▶ Work order:
Everything from the opening line of the listing below to the line that has "- BaseBot Support Bar #1-2: BaseBot", inclusive, should be returned exactly, except the pictures.

▶ Records:
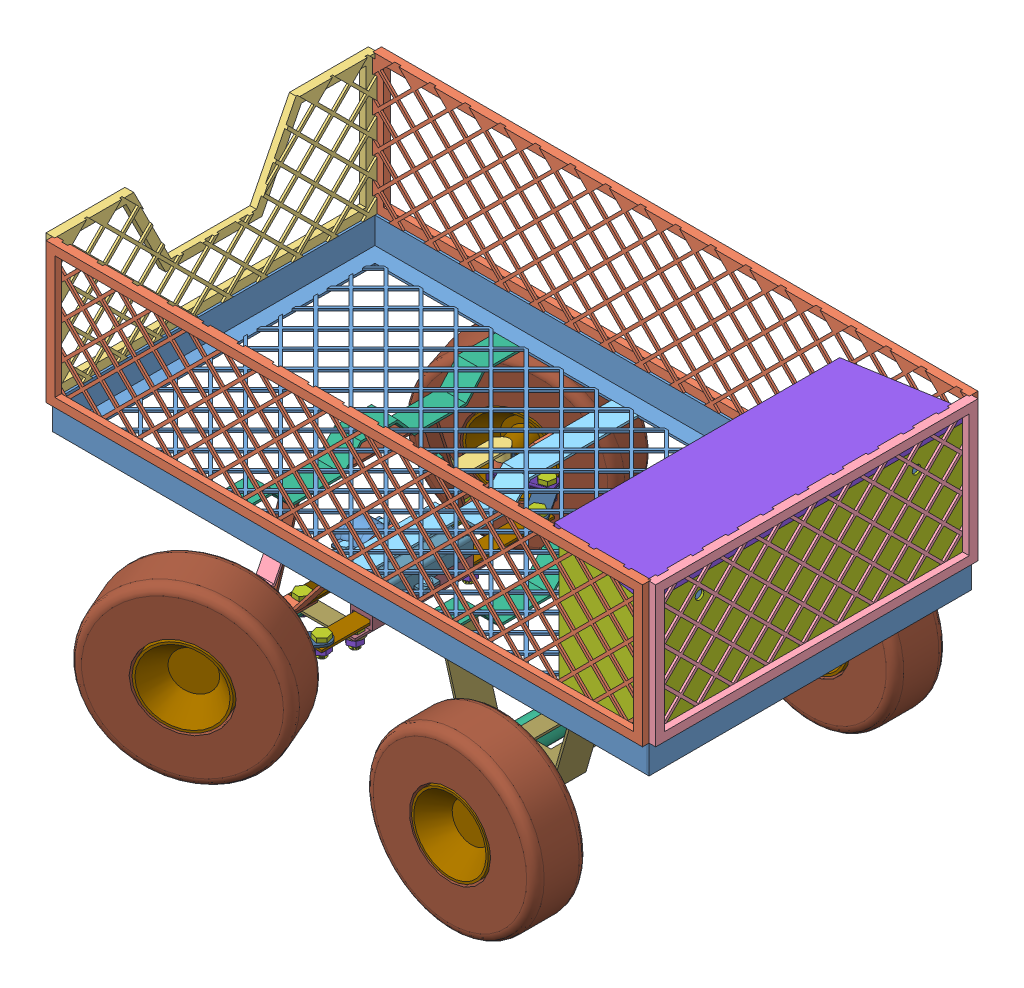
SolidWorks assembly BaseBot, configuration Default. Lengths in mm.
Overall size (882.65 573.45 703.44).
132 component instances, 48 part files, 93 mates.
Components (placement in the parent):
- Basket Bottom-1: Basket Bottom [Default] at (255.4338 0 27.1639) x (1 0 0) z (0 1 0) size (863.6 466.73 41.27)
- Basket Side-1: Basket Side [Default] at (387.544 20.0282 -463.55) x (0 0 -1) z (1 0 0) size (12.7 203.2 863.6)
- Basket Side-2: Basket Side [Default] at (213.6348 20.0282 -3.175) x (0 0 1) z (-1 0 0) size (12.7 203.2 863.6)
- Basket Front-2: Basket Front [Default] at (-128.0356 170.1145 -302.8358) x (-1 0 0) z (0 0 -1) size (12.7 203.2 466.73)
- Basket Back-1: Basket Back [Default] at (741.9144 37.962 -98.425) x (-1 0 0) z (0 0 1) size (12.7 203.2 466.73)
- BaseBot Support Bar #2-2: BaseBot Support Bar #2 [Default] at (237.0894 -11.8301 -299.0589) x (1 0 0) z (0 0 -1) size (38.1 28.57 419.1)
- BaseBot Support Bar #1-2: BaseBot Support Bar #1 [Default] at (68.8144 0 -270.0364) x (1 0 0) z (0 0 -1) size (38.1 32.02 419.1)
- BaseBot Support Bar #1-3: BaseBot Support Bar #1 [Default] at (370.4394 0 -270.0364) x (1 0 0) z (0 0 -1) size (38.1 32.02 419.1)
- BaseBot Support Bar #1-4: BaseBot Support Bar #1 [Default] at (579.9894 0 -270.0364) x (1 0 0) z (0 0 -1) size (38.1 32.02 419.1)
- Steering Mechanism-2: Steering Mechanism [Default] at (175.5898 -169.9237 -213.8762) x (0 0 -1) z (1 0 0) size (542.29 220.93 188.26)
  - Pinon Gear-1: Pinon Gear [Default] at (18.0596 23.4154 -25.5289) x (0.999971 0.007586 0) z (0 0 1) size (28.79 28.79 12.7)
  - 37d-gearmotor-100-131-150-encoder-1: 37d-gearmotor-100-131-150-encoder [Default] at (-1.8654 30.4154 -54.9751) size (36.8 36.8 90.1)
  - Rack-1: Rack [Default] at (-58.7281 -0.9127 -25.3751) x (0.965926 -0.258819 0) z (0 0 1) size (326.19 90.25 25.4)
  - Control Arm-1: Control Arm [Default] at (-149.1406 7.5404 -13.7125) x (-0.583389 0 0.812193) z (0 1 0) size (25.4 76.2 3.17)
  - Control Arm-2: Control Arm [Default] at (205.3106 7.5404 -41.201) x (-0.549424 0 -0.835544) z (0 1 0) size (25.4 76.2 3.17)
  - Front Wheel Bracket-1: Front Wheel Bracket [Default] at (7.9885 116.6287 -76.1751) x (1 0 0) z (0 0 -1) size (292.1 146.24 25.4)
  - Short Rack Support Structure-1: Short Rack Support Structure [Default] at (83.7255 -5.1596 -55.7455) x (-1 0 0) z (0 -1 0) size (25.4 101.6 3.17)
  - Short Rack Support Structure-2: Short Rack Support Structure [Default] at (-59.553 -5.1596 -45.8047) x (1 0 0) z (0 -1 0) size (25.4 101.6 3.17)
  - Long Rack Support Structure-2: Long Rack Support Structure [Default] at (-38.0612 -5.1596 -14.7918) x (0 1 0) z (1 0 0) size (26.76 57.15 190.5)
  - Long Rack Support Structure (Top)-1: Long Rack Support Structure (Top) [Default] at (37.6137 21.6016 3.1999) x (-1 0 0) z (0 0 -1) size (146.05 23.59 57.15)
  - Pivot Arm (Left)-2: Pivot Arm (Left) [Default] at (-186.8809 -11.5096 -33.1605) x (-0.541489 0 0.840708) z (-0.840708 0 -0.541489) size (96.16 53.98 123.84)
  - Pivot Arm (Right)-2: Pivot Arm (Right) [Default] at (211.0535 -8.3346 -33.1605) x (0.541489 0 0.840708) z (0.840708 0 -0.541489) size (104.82 53.97 137.29)
  - Front Wheel Axles-3: Front Wheel Axles [Default] at (277.9295 11.2102 -114.4995) x (-0.310493 0 -0.950576) z (-0.950576 0 0.310493) size (76.2 13.19 76.21)
  - Steering Motor Mount (Bottom)-2: Steering Motor Mount (Bottom) [Default] at (15.3381 12.3464 -101.5751) x (0 0 1) z (-1 0 0) size (78.58 31.27 183.81)
  - Steering Motor Mount (Top)-2: Steering Motor Mount (Top) [Default] at (19.4781 29.2864 -76.1751) x (0 0 -1) z (1 0 0) size (78.58 22.18 69.09)
  - Front Wheel Axles-4: Front Wheel Axles [Default] at (-240.1244 10.2206 -69.4744) x (-0.399781 0 -0.916611) z (0.916611 0 -0.399781) size (76.2 13.19 76.21)
  - Spacer-1: Spacer [Default] at (229.822 -8.3346 -95.0926) x (0.991664 0 -0.128853) z (0.128853 0 0.991664) size (19.05 12.7 19.05)
  - Spacer-2: Spacer [Default] at (-178.3747 -8.3346 -100.4751) x (0.523364 0 -0.852109) z (0.852109 0 0.523364) size (19.05 12.7 19.05)
  - Spacer-3: Spacer [Default] at (-169.1502 17.0654 -93.7664) size (19.05 12.7 19.05)
  - Spacer-4: Spacer [Default] at (230.5407 17.0654 -93.7664) size (19.05 12.7 19.05)
  - Front Wheel Support-1: Front Wheel Support [Default] at (127.4023 52.8952 -76.1751) x (-0.999975 0.007006 0) z (0 0 -1) size (101.09 57.73 25.4)
  - Front Wheel Support #2-1: Front Wheel Support #2 [Default] at (-103.2542 52.8183 -101.5751) x (0.999975 0.007006 0) z (0 0 1) size (85.09 57.73 25.4)
  - 0.25in Hex Bolt-1: 0.25in Hex Bolt [Default] at (1.5398 307.5194 143.5864) x (-0.430629 -0.859999 0.273788) z (0.894165 -0.447737 0) size (11.2 12.9 19.05)
  - 0.25in Hex Bolt-2: 0.25in Hex Bolt [Default] at (-17.0641 387.1538 -112.045) x (0.261641 -0.522518 -0.811491) z (-0.894165 -0.447737 0) size (11.2 12.9 19.05)
  - 0.25in Nut-1: 0.25in Nut [Default] at (125.0268 72.0692 -88.8751) x (0.297793 -0.594716 -0.746748) z (0.894165 0.447737 0) size (12.9 11.18 6.49)
  - 0.25in Nut-2: 0.25in Nut [Default] at (-101.1354 72.1209 -88.8751) x (0.403858 0.806536 0.431739) z (-0.894165 0.447737 0) size (12.9 11.18 6.49)
  - 0.25in Hex Bolt-3: 0.25in Hex Bolt [Default] at (-118.1926 35.6364 214.9281) x (-0.491617 0 -0.870811) z (0 -1 0) size (11.2 12.9 19.05)
  - 0.25in Hex Bolt-4: 0.25in Hex Bolt [Default] at (4.4078 28.1666 355.6025) x (-0.837169 0 -0.546944) z (0 -1 0) size (11.2 12.9 19.05)
  - 0.25in Hex Bolt-5: 0.25in Hex Bolt [Default] at (-36.5422 28.1666 311.1525) x (-0.837169 0 -0.546944) z (0 -1 0) size (11.2 12.9 19.05)
  - 0.25in Hex Bolt-6: 0.25in Hex Bolt [Default] at (-16.1952 35.6364 257.1775) x (-0.837169 0 -0.546944) z (0 -1 0) size (11.2 12.9 19.05)
  - 0.25in Hex Bolt-7: 0.25in Hex Bolt [Default] at (52.3578 28.1666 311.1525) x (-0.837169 0 -0.546944) z (0 -1 0) size (11.2 12.9 19.05)
  - 0.25in Nut-3: 0.25in Nut [Default] at (47.6747 21.5662 -88.8751) x (0.781177 0 -0.624309) z (0 1 0) size (12.9 11.18 6.49)
  - 0.25in Nut-4: 0.25in Nut [Default] at (59.8346 11.8571 -34.9001) x (1 0 0) z (0 1 0) size (12.9 11.18 6.49)
  - 0.25in Nut-5: 0.25in Nut [Default] at (11.8846 11.8554 9.5499) x (1 0 0) z (0 1 0) size (12.9 11.18 6.49)
  - 0.25in Nut-6: 0.25in Nut [Default] at (-29.0654 11.8571 -34.9001) x (1 0 0) z (0 1 0) size (12.9 11.18 6.49)
  - 0.25in Nut-7: 0.25in Nut [Default] at (-8.7184 21.5662 -88.8751) x (1 0 0) z (0 1 0) size (12.9 11.18 6.49)
  - 0.5in Hex Bolt-1: 0.5in Hex Bolt [Default] at (235.7047 23.4154 -40.5859) x (0.98122 0 0.192894) z (0 -1 0) size (22 19.05 28.57)
  - 0.5in Hex Bolt-2: 0.5in Hex Bolt [Default] at (193.2591 17.0654 -12.6751) x (1 0 0) z (0 -1 0) size (22 19.05 28.57)
  - 0.5in Hex Bolt-3: 0.5in Hex Bolt [Default] at (-70.3463 7.5404 -88.8751) x (-0.837169 0 -0.546944) z (0 -1 0) size (22 19.05 28.57)
  - 0.5in Hex Bolt-4: 0.5in Hex Bolt [Default] at (94.7596 4.3654 -12.6751) x (1 0 0) z (0 -1 0) size (22 19.05 28.57)
  - 0.5in Hex Bolt-5: 0.5in Hex Bolt [Default] at (94.7596 7.5404 -88.8751) x (0.964084 0 0.265597) z (0 -1 0) size (22 19.05 28.57)
  - 0.5in Hex Bolt-6: 0.5in Hex Bolt [Default] at (-70.3404 4.3654 -12.6751) x (0.999732 0 0.023139) z (0 -1 0) size (22 19.05 28.57)
  - 0.5in Hex Bolt-7: 0.5in Hex Bolt [Default] at (-118.1909 17.0654 -12.6751) x (0.969144 0 -0.246494) z (0 -1 0) size (22 19.05 28.57)
  - 0.5in Hex Bolt-8: 0.5in Hex Bolt [Default] at (-159.4503 23.4154 -42.3113) x (-0.837169 0 -0.546944) z (0 -1 0) size (22 19.05 28.57)
  - 0.5in Nut-1: 0.5in Nut [Default] at (193.2591 4.3654 -12.6751) x (1 0 0) z (0 -1 0) size (21.73 20.53 9.68)
  - 0.5in Nut-2: 0.5in Nut [Default] at (-159.4503 -5.1596 -42.3113) x (1 0 0) z (0 1 0) size (21.73 20.53 9.68)
  - 0.5in Nut-3: 0.5in Nut [Default] at (-70.3404 -17.8596 -12.6751) x (1 0 0) z (0 1 0) size (21.73 20.53 9.68)
  - 0.5in Nut-4: 0.5in Nut [Default] at (235.7047 -5.1596 -40.5859) x (1 0 0) z (0 1 0) size (21.73 20.53 9.68)
  - 0.5in Nut-5: 0.5in Nut [Default] at (94.7596 -21.0346 -88.8751) x (-0.015272 0 -0.999883) z (0 1 0) size (21.73 20.53 9.68)
  - 0.5in Nut-6: 0.5in Nut [Default] at (94.7596 -17.8596 -12.6751) x (1 0 0) z (0 1 0) size (21.73 20.53 9.68)
  - 0.5in Nut-7: 0.5in Nut [Default] at (-118.1909 4.3654 -12.6751) x (1 0 0) z (0 -1 0) size (21.73 20.53 9.68)
  - 0.5in Nut-8: 0.5in Nut [Default] at (-70.3463 -17.8596 -88.8751) x (1 0 0) z (0 1 0) size (21.73 20.53 9.68)
- Hub-10: Hub [Default] at (123.8857 -159.7031 66.9915) x (-0.399781 0 -0.916611) z (-0.916611 0 0.399781) size (88.9 111.12 111.12)
- Hub-11: Hub [Default] at (47.2889 -158.7135 -534.0588) x (0.310493 0 0.950576) z (-0.950576 0 0.310493) size (88.9 111.12 111.12)
- Radial Ball Bearing 17mm Bore-1: Radial Ball Bearing 17mm Bore [Default] at (74.8917 -158.7135 -449.5527) x (0 1 0) z (-0.950576 0 0.310493) size (34 12 34)
- Radial Ball Bearing 17mm Bore-2: Radial Ball Bearing 17mm Bore [Default] at (88.3451 -159.7031 -14.4951) x (0 -1 0) z (-0.916611 0 0.399781) size (34 12 34)
- Wheel-10: Wheel [Default] at (176.9035 -109.9016 43.8677) x (-0.399781 0 -0.916611) z (-0.91661 -0.000518 0.399781) size (76.2 247.65 247.65)
- Wheel-11: Wheel [Default] at (69.4962 -231.3772 -541.3125) x (0.310493 0 0.950576) z (-0.810689 0.522172 0.264801) size (76.2 247.65 247.65)
- Back Wheel Housing-4: Back Wheel Housing [Default] at (588.3026 -7.0122 -438.4176) x (-1 0 0) z (0 0 1) size (246.62 123.18 406.4)
- Gearbox-1: Gearbox [Default] at (568.39 -299.7014 -139.8553) x (-1 0 0) z (0 1 0) size (101.63 50.81 63.71)
  - Gearbox Bottom-1: Gearbox Bottom [Default] at (74.587 76.0877 168.5715) size (101.6 28.57 63.5)
  - Gearbox - 12T-1: Gearbox - 12T [Default] at (92.1067 91.9627 143.3599) x (0.92261 0 -0.385735) z (0 1 0) size (23.03 23.03 12.7)
  - Gearbox - 24T-1: Gearbox - 24T [Default] at (61.1138 91.9627 144.7723) x (1 0 0) z (0 1 0) size (43.72 43.72 12.7)
  - Gearbox - 12T-2: Gearbox - 12T [Default] at (122.4014 91.9627 144.7942) x (1 0 0) z (0 -1 0) size (23.03 23.03 12.7)
  - Gearbox - 24T-2: Gearbox - 24T [Default] at (92.1067 79.2627 143.3599) x (0.834365 0 -0.551212) z (0 1 0) size (43.72 43.72 12.7)
  - R155-2RS Mini ball Bearing-1: R155-2RS Mini ball Bearing [Default] at (92.1067 95.0377 143.3599) x (1 0 0) z (0 0 -1) size (7.94 3.17 7.94)
  - R155-2RS Mini ball Bearing-2: R155-2RS Mini ball Bearing [Default] at (61.1138 95.0377 144.7723) x (1 0 0) z (0 0 -1) size (7.94 3.17 7.94)
  - R155-2RS Mini ball Bearing-3: R155-2RS Mini ball Bearing [Default] at (92.1067 104.7627 143.3599) x (0.999892 0 0.014713) z (0.014713 0 -0.999892) size (7.94 3.17 7.94)
  - R155-2RS Mini ball Bearing-4: R155-2RS Mini ball Bearing [Default] at (61.1138 104.7627 144.7723) x (1 0 0) z (0 0 -1) size (7.94 3.17 7.94)
  - R155-2RS Mini ball Bearing-5: R155-2RS Mini ball Bearing [Default] at (122.4014 79.1627 144.7942) size (7.94 3.17 7.94)
  - R155-2RS Mini ball Bearing-6: R155-2RS Mini ball Bearing [Default] at (92.1067 82.3377 143.3599) x (1 0 0) z (0 0 -1) size (7.94 3.17 7.94)
  - R155-2RS Mini ball Bearing-7: R155-2RS Mini ball Bearing [Default] at (122.4014 92.0627 144.7942) x (1 0 0) z (0 0 -1) size (7.94 3.17 7.94)
  - R155-2RS Mini ball Bearing-8: R155-2RS Mini ball Bearing [Default] at (92.1067 92.0627 143.3599) x (1 0 0) z (0 0 -1) size (7.94 3.17 7.94)
  - 2in Axle-2: 2in Axle [Default] at (122.4014 104.655 144.7942) x (0.232669 0 0.972556) z (0 -1 0) size (3.97 3.97 38.1)
  - 2in Axle-3: 2in Axle [Default] at (61.1138 79.2627 144.7723) x (0.898573 0 0.438824) z (0 1 0) size (3.97 3.97 38.1)
  - 1in Axle-1: 1in Axle [Default] at (92.1067 79.2627 143.3599) x (0.237926 0 -0.971283) z (0 1 0) size (3.97 3.97 25.4)
  - Gearbox Lid-1: Gearbox Lid [Default] at (121.6136 104.6627 145.3537) x (1 0 0) z (0 1 0) size (101.6 63.5 3.17)
  - 0.25in Hex Bolt-1: 0.25in Hex Bolt [Default] at (121.2528 111.0127 514.2191) x (-0.837169 0 -0.546944) z (0 -1 0) size (11.2 12.9 19.05)
  - 0.25in Hex Bolt-2: 0.25in Hex Bolt [Default] at (36.3678 111.0127 467.4391) x (-0.837169 0 -0.546944) z (0 -1 0) size (11.2 12.9 19.05)
- Front Wheel Brace-1: Front Wheel Brace [Default] at (133.8633 -17.6291 -360.0687) x (0 0 1) z (1 0 0) size (25.4 171.49 182.31)
- Front Wheel Brace-2: Front Wheel Brace [Default] at (133.8633 -17.6291 -135.4151) x (0 0 1) z (1 0 0) size (25.4 171.49 182.31)
- 37d-gearmotor-100-131-150-encoder-2: 37d-gearmotor-100-131-150-encoder [Default] at (425.8036 -148.6967 -112.0426) x (0.999225 0.039351 0) z (0 0 1) size (36.8 36.8 90.1)
- Motor to Axle Adapter-2: Motor to Axle Adapter [Default] at (445.9886 -154.9072 -70.1176) x (-0.999225 -0.039351 0) z (0 0 -1) size (12.34 12.34 19.05)
- Wheel to Axle Adapter-2: Wheel to Axle Adapter [Default] at (507.2762 -154.9291 -32.0176) x (-0.979173 -0.203029 0) z (0 0 1) size (14.7 14.7 50.8)
- Gearbox-3: Gearbox [Default] at (568.39 -10.1486 -330.5799) x (-1 0 0) z (0 -1 0) size (101.63 50.81 63.71)
  - Gearbox Bottom-1: Gearbox Bottom [Default] at (74.587 76.0877 168.5715) size (101.6 28.57 63.5)
  - Gearbox - 12T-1: Gearbox - 12T [Default] at (92.1067 91.9627 143.3599) x (0.92261 0 -0.385735) z (0 1 0) size (23.03 23.03 12.7)
  - Gearbox - 24T-1: Gearbox - 24T [Default] at (61.1138 91.9627 144.7723) x (1 0 0) z (0 1 0) size (43.72 43.72 12.7)
  - Gearbox - 12T-2: Gearbox - 12T [Default] at (122.4014 91.9627 144.7942) x (1 0 0) z (0 -1 0) size (23.03 23.03 12.7)
  - Gearbox - 24T-2: Gearbox - 24T [Default] at (92.1067 79.2627 143.3599) x (0.834365 0 -0.551212) z (0 1 0) size (43.72 43.72 12.7)
  - R155-2RS Mini ball Bearing-1: R155-2RS Mini ball Bearing [Default] at (92.1067 95.0377 143.3599) x (1 0 0) z (0 0 -1) size (7.94 3.17 7.94)
  - R155-2RS Mini ball Bearing-2: R155-2RS Mini ball Bearing [Default] at (61.1138 95.0377 144.7723) x (1 0 0) z (0 0 -1) size (7.94 3.17 7.94)
  - R155-2RS Mini ball Bearing-3: R155-2RS Mini ball Bearing [Default] at (92.1067 104.7627 143.3599) x (0.999892 0 0.014713) z (0.014713 0 -0.999892) size (7.94 3.17 7.94)
  - R155-2RS Mini ball Bearing-4: R155-2RS Mini ball Bearing [Default] at (61.1138 104.7627 144.7723) x (1 0 0) z (0 0 -1) size (7.94 3.17 7.94)
  - R155-2RS Mini ball Bearing-5: R155-2RS Mini ball Bearing [Default] at (122.4014 79.1627 144.7942) size (7.94 3.17 7.94)
  - R155-2RS Mini ball Bearing-6: R155-2RS Mini ball Bearing [Default] at (92.1067 82.3377 143.3599) x (1 0 0) z (0 0 -1) size (7.94 3.17 7.94)
  - R155-2RS Mini ball Bearing-7: R155-2RS Mini ball Bearing [Default] at (122.4014 92.0627 144.7942) x (1 0 0) z (0 0 -1) size (7.94 3.17 7.94)
  - R155-2RS Mini ball Bearing-8: R155-2RS Mini ball Bearing [Default] at (92.1067 92.0627 143.3599) x (1 0 0) z (0 0 -1) size (7.94 3.17 7.94)
  - 2in Axle-2: 2in Axle [Default] at (122.4014 104.655 144.7942) x (0.232669 0 0.972556) z (0 -1 0) size (3.97 3.97 38.1)
  - 2in Axle-3: 2in Axle [Default] at (61.1138 79.2627 144.7723) x (0.898573 0 0.438824) z (0 1 0) size (3.97 3.97 38.1)
  - 1in Axle-1: 1in Axle [Default] at (92.1067 79.2627 143.3599) x (0.237926 0 -0.971283) z (0 1 0) size (3.97 3.97 25.4)
  - Gearbox Lid-1: Gearbox Lid [Default] at (121.6136 104.6627 145.3537) x (1 0 0) z (0 1 0) size (101.6 63.5 3.17)
  - 0.25in Hex Bolt-1: 0.25in Hex Bolt [Default] at (121.2528 111.0127 514.2191) x (-0.837169 0 -0.546944) z (0 -1 0) size (11.2 12.9 19.05)
  - 0.25in Hex Bolt-2: 0.25in Hex Bolt [Default] at (36.3678 111.0127 467.4391) x (-0.837169 0 -0.546944) z (0 -1 0) size (11.2 12.9 19.05)
- Motor to Axle Adapter-4: Motor to Axle Adapter [Default] at (445.9886 -154.9428 -400.3176) x (0.99689 0.078808 0) z (0 0 1) size (12.34 12.34 19.05)
- Wheel to Axle Adapter-3: Wheel to Axle Adapter [Default] at (507.2762 -154.9209 -438.4176) x (-0.879655 -0.475613 0) z (0 0 -1) size (14.7 14.7 50.8)
- 37d-gearmotor-100-131-150-encoder-4: 37d-gearmotor-100-131-150-encoder [Default] at (465.6274 -147.176 -358.3236) x (-0.999249 -0.038749 0) z (0 0 -1) size (36.8 36.8 90.1)
- Hub-12: Hub [Default] at (507.2762 -154.9291 63.2324) x (0 0 -1) z (0.923728 0.383049 0) size (88.9 111.12 111.12)
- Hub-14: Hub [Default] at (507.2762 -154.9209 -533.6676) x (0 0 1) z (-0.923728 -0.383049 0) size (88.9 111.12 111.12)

▶ Reply:
SolidWorks assembly BaseBot, configuration Default. Lengths in mm.
Overall size (882.65 573.45 703.44).
132 component instances, 48 part files, 93 mates.
Components (placement in the parent):
- Basket Bottom-1: Basket Bottom [Default] at (255.4338 0 27.1639) x (1 0 0) z (0 1 0) size (863.6 466.73 41.27)
- Basket Side-1: Basket Side [Default] at (387.544 20.0282 -463.55) x (0 0 -1) z (1 0 0) size (12.7 203.2 863.6)
- Basket Side-2: Basket Side [Default] at (213.6348 20.0282 -3.175) x (0 0 1) z (-1 0 0) size (12.7 203.2 863.6)
- Basket Front-2: Basket Front [Default] at (-128.0356 170.1145 -302.8358) x (-1 0 0) z (0 0 -1) size (12.7 203.2 466.73)
- Basket Back-1: Basket Back [Default] at (741.9144 37.962 -98.425) x (-1 0 0) z (0 0 1) size (12.7 203.2 466.73)
- BaseBot Support Bar #2-2: BaseBot Support Bar #2 [Default] at (237.0894 -11.8301 -299.0589) x (1 0 0) z (0 0 -1) size (38.1 28.57 419.1)
- BaseBot Support Bar #1-2: BaseBot Support Bar #1 [Default] at (68.8144 0 -270.0364) x (1 0 0) z (0 0 -1) size (38.1 32.02 419.1)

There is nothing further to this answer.